Records shown below:

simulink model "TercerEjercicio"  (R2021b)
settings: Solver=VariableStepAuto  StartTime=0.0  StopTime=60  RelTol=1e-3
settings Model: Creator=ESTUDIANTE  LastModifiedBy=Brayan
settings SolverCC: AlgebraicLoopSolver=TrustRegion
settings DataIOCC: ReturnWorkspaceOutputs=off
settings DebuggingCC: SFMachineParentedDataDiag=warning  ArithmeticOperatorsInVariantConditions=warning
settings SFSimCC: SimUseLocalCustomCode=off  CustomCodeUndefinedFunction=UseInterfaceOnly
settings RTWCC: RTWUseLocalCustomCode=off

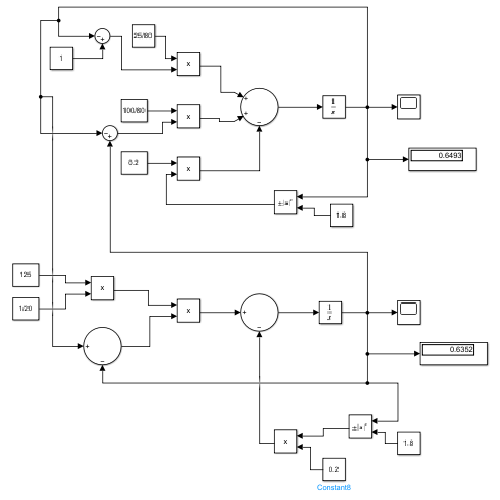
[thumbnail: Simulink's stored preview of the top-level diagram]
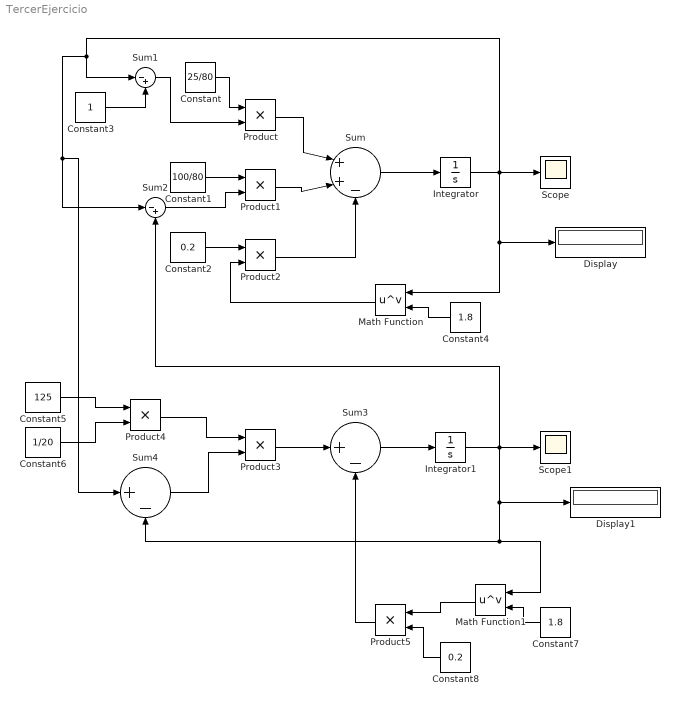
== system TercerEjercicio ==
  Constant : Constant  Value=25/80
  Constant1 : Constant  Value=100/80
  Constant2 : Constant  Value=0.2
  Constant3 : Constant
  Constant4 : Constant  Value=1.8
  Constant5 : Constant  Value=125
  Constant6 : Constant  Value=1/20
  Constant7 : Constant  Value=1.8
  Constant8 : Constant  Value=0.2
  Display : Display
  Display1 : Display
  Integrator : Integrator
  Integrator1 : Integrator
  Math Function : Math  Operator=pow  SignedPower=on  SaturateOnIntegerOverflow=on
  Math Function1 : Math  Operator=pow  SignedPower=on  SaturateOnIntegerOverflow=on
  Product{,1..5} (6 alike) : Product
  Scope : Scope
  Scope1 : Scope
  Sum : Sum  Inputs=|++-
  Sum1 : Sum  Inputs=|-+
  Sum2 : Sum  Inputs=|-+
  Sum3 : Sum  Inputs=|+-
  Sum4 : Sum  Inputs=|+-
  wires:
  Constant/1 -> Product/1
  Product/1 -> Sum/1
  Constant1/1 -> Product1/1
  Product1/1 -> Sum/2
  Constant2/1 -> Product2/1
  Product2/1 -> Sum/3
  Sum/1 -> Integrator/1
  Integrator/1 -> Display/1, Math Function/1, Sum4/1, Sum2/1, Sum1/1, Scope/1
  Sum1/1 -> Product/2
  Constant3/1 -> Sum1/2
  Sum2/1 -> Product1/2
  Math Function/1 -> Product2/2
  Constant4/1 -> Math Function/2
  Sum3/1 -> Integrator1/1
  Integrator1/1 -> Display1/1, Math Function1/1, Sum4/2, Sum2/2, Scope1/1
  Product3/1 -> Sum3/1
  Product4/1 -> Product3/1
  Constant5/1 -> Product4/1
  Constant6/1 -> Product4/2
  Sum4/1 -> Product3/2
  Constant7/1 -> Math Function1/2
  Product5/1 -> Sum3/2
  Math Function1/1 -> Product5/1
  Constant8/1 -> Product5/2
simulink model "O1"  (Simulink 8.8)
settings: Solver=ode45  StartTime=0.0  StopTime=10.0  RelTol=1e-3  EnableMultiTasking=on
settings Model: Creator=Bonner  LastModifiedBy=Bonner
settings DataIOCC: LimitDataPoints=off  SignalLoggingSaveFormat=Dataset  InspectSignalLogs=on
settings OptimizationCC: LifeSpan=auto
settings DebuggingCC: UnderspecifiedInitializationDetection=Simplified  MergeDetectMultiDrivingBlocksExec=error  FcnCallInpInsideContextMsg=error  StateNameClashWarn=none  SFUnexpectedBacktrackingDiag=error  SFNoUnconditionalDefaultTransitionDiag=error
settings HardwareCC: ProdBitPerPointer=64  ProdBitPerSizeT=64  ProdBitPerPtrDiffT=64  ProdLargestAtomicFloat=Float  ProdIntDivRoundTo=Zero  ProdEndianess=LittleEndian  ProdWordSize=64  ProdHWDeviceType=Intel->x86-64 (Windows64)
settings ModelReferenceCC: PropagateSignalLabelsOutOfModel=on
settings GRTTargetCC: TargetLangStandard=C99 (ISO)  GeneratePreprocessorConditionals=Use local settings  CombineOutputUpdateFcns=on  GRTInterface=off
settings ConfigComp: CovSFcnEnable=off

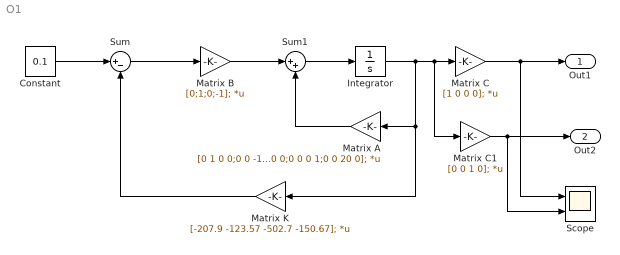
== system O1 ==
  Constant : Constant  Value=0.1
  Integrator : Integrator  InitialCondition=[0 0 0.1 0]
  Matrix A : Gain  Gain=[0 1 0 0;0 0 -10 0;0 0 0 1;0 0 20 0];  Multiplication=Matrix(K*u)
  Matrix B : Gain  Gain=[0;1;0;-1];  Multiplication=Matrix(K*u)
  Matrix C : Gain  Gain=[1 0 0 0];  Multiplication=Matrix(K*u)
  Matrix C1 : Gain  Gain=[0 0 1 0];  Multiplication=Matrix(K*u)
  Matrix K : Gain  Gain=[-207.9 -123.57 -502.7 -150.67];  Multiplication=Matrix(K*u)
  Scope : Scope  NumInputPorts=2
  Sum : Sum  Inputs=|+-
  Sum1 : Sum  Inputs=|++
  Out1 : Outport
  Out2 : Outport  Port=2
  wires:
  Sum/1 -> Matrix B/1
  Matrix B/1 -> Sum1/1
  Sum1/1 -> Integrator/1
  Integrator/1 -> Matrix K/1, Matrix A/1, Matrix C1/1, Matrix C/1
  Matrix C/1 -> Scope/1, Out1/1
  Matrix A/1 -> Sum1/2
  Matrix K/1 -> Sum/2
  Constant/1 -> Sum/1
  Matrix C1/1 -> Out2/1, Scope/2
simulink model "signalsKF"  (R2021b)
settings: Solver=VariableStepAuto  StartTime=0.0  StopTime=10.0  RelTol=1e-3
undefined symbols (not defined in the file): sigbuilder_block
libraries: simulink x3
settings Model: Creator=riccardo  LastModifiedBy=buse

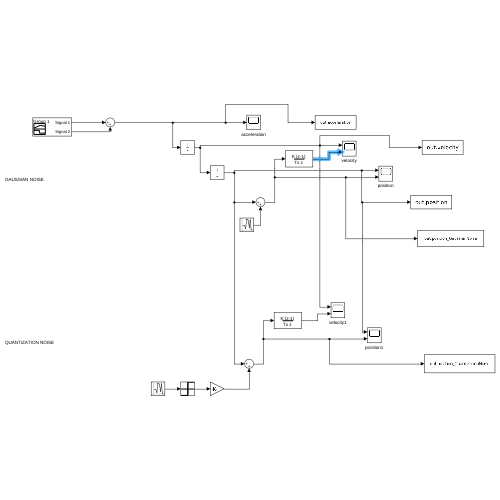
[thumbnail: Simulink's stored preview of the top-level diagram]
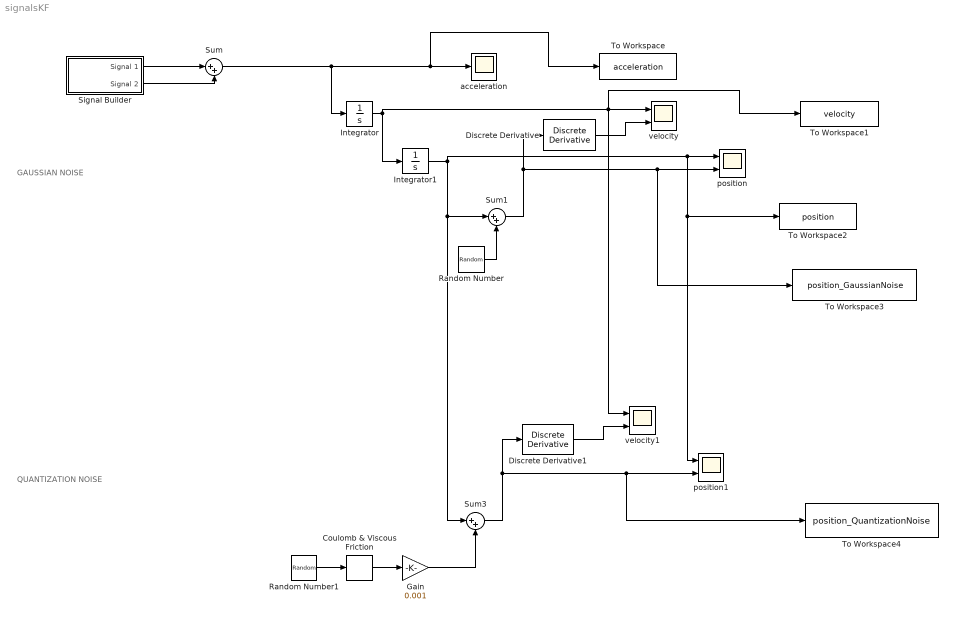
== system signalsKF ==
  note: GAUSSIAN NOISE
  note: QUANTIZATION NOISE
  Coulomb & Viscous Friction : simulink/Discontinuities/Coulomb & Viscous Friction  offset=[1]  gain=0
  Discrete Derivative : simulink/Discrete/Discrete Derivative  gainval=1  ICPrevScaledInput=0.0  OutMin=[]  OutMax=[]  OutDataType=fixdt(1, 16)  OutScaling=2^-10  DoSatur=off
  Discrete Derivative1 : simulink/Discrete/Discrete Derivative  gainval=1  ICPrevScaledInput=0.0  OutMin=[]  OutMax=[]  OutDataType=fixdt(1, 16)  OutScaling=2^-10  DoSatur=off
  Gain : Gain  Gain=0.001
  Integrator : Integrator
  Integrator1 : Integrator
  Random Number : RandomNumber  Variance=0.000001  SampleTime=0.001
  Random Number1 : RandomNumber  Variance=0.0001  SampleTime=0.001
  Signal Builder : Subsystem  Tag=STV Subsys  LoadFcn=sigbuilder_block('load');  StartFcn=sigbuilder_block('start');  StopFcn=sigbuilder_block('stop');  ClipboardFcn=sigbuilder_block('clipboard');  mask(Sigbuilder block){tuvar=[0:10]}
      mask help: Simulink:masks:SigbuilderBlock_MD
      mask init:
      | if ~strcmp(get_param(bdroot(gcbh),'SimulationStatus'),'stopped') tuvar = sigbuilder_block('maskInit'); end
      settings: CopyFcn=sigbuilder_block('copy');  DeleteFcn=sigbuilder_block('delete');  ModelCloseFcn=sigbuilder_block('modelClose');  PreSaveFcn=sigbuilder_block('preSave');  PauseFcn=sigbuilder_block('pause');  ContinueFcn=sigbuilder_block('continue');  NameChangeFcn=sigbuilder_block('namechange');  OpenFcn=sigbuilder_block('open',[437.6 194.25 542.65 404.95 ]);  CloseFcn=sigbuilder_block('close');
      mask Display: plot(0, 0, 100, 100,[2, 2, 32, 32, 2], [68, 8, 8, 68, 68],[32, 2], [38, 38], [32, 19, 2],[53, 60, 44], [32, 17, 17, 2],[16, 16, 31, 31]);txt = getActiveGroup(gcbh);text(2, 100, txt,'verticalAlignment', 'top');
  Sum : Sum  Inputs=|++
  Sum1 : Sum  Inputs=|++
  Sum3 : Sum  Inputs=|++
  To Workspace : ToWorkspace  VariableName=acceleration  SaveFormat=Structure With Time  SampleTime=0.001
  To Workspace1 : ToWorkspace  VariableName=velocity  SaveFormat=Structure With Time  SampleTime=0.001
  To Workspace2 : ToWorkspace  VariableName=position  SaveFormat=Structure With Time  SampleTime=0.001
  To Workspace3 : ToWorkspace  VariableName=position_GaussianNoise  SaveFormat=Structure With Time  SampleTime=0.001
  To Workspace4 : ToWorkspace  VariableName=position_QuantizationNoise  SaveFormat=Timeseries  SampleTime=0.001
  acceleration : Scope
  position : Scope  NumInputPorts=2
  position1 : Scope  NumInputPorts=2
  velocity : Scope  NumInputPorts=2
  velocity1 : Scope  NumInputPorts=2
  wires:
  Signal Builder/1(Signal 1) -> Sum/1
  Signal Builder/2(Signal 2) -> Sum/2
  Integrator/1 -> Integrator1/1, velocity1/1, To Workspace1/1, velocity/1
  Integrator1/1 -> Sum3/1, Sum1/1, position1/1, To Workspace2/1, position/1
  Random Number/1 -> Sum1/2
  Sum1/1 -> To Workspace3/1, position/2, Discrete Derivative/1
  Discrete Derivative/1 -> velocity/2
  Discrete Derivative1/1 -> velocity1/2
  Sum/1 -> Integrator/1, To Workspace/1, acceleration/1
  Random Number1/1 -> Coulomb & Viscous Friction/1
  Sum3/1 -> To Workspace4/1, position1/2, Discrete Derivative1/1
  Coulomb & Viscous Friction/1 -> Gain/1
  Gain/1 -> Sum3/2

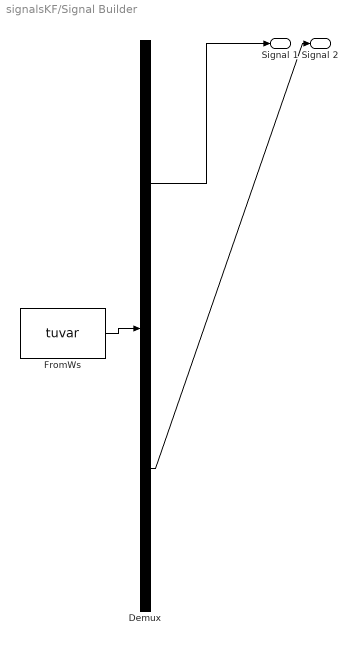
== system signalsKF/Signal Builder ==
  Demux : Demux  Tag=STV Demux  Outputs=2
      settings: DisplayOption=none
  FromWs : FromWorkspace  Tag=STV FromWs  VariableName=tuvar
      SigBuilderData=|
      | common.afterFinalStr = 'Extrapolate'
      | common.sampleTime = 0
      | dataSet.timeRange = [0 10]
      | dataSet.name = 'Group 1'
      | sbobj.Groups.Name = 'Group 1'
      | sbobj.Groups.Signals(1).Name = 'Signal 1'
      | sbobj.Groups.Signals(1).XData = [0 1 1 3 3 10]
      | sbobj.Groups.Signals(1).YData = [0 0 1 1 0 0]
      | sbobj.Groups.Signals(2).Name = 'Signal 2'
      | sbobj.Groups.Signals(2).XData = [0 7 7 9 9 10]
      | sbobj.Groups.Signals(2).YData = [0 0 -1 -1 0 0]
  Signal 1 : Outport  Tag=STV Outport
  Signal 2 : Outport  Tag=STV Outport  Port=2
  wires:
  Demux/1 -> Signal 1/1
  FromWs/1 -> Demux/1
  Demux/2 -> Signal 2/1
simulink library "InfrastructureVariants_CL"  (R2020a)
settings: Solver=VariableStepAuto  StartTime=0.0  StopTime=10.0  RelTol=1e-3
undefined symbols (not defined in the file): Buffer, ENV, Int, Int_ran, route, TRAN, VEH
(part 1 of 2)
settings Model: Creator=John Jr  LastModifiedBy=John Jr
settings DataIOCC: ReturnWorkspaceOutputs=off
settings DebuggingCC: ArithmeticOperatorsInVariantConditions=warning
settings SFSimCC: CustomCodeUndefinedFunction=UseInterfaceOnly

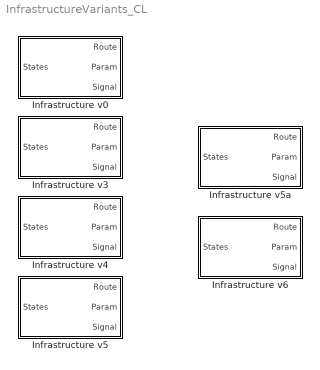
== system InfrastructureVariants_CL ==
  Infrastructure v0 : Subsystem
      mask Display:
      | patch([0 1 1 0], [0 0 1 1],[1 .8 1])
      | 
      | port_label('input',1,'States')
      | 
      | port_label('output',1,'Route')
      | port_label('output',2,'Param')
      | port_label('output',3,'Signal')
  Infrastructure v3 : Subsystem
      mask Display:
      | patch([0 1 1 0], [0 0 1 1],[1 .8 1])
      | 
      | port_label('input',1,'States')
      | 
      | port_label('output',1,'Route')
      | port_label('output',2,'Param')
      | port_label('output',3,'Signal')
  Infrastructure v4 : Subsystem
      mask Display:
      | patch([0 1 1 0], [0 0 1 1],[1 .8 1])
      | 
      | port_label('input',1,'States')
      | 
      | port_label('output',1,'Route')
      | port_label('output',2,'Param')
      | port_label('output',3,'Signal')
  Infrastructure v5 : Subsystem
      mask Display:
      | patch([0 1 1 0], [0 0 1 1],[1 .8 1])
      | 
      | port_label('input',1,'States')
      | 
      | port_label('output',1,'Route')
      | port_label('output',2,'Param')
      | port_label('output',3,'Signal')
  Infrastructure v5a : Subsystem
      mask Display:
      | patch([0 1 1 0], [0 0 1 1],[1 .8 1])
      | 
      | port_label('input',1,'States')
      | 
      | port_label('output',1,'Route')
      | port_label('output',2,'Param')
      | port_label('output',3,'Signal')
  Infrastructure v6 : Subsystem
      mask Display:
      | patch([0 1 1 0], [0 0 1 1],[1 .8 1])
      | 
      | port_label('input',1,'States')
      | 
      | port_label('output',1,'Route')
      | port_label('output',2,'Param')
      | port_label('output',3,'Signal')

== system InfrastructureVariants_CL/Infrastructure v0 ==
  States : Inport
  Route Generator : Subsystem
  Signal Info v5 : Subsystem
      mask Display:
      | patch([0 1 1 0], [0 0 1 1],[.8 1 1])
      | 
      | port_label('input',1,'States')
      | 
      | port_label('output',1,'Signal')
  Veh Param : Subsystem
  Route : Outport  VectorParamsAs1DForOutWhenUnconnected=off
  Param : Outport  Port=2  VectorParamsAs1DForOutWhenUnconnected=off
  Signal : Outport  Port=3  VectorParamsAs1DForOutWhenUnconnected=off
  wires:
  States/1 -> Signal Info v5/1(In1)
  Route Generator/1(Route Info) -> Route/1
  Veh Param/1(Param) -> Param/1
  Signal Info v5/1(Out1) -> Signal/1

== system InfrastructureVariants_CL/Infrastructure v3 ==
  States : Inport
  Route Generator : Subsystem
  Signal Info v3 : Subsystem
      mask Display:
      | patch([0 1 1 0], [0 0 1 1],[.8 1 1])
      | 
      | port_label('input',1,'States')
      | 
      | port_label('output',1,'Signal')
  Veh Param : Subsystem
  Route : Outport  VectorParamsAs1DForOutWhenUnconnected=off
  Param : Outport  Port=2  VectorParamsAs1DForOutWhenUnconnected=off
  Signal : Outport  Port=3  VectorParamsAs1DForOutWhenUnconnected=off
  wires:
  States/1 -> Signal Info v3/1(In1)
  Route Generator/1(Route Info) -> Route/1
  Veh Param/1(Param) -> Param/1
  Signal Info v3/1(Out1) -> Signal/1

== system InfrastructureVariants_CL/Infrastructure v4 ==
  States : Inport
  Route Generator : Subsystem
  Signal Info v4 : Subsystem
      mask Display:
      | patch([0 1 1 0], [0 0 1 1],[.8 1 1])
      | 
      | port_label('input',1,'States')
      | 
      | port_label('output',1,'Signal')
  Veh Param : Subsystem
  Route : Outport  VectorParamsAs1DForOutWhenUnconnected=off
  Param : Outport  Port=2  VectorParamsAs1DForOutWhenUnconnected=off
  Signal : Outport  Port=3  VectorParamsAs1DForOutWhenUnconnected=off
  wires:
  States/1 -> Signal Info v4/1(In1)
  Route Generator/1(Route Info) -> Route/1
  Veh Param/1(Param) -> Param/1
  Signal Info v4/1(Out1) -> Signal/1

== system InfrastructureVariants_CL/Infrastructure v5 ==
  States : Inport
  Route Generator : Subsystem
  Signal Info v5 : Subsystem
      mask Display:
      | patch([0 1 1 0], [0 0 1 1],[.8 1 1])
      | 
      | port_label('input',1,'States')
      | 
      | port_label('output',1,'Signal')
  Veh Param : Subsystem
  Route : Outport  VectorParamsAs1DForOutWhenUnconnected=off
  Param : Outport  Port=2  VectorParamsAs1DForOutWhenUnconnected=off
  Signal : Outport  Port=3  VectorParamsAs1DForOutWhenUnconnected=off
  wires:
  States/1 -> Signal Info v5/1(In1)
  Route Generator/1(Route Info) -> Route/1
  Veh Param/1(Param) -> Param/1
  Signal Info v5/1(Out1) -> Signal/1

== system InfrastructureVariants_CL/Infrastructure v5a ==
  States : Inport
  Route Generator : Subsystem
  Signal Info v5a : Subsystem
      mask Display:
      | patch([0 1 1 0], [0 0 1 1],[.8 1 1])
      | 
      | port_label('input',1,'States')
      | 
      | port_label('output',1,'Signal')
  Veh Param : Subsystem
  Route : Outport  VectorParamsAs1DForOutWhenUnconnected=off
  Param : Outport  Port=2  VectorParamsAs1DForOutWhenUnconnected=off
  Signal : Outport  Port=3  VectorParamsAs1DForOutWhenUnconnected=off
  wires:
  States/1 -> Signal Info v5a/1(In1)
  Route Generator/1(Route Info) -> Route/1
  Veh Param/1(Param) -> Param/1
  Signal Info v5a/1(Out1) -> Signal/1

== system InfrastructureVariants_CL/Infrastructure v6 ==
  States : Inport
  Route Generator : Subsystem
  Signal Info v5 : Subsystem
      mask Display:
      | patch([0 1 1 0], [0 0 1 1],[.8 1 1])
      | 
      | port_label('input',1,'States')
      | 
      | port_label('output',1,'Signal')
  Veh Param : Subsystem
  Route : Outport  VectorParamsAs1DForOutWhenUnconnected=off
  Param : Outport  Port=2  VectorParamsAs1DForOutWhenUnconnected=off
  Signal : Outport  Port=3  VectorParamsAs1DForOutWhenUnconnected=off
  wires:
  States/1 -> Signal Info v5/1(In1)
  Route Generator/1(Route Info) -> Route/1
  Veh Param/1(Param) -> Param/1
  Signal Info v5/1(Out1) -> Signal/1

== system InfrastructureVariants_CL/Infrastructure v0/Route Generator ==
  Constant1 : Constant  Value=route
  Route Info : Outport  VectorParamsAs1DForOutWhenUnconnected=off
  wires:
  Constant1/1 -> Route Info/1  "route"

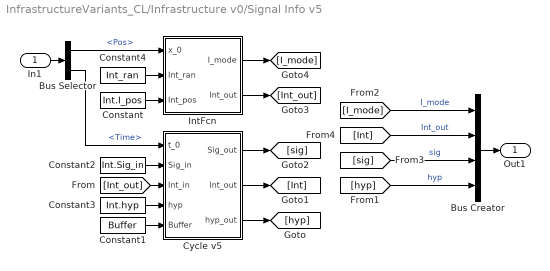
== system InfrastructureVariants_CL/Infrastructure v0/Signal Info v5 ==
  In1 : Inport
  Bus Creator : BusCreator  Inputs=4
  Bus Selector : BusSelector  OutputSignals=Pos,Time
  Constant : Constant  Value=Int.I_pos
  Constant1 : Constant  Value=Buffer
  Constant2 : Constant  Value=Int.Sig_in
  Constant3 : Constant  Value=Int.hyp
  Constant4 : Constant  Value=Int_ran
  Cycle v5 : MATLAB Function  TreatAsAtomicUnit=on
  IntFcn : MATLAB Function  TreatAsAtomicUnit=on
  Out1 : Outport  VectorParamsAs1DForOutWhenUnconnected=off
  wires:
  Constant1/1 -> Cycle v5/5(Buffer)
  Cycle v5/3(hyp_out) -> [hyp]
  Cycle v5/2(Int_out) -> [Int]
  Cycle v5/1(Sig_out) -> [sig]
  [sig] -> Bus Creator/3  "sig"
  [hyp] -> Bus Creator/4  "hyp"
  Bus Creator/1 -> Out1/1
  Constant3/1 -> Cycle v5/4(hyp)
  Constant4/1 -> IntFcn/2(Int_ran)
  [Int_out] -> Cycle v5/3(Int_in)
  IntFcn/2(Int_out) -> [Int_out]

End of Records shown.

Work request:
What do the entries above read from the line containing "settings Model: Creator=riccardo" through the line containing "Coulomb & Viscous Friction : simulink/Discontinuities/Coulomb"? Output those lines exactly, both ends included, with the pictures left out.

Response to this task:
settings Model: Creator=riccardo  LastModifiedBy=buse

[thumbnail: Simulink's stored preview of the top-level diagram]
== system signalsKF ==
  note: GAUSSIAN NOISE
  note: QUANTIZATION NOISE
  Coulomb & Viscous Friction : simulink/Discontinuities/Coulomb & Viscous Friction  offset=[1]  gain=0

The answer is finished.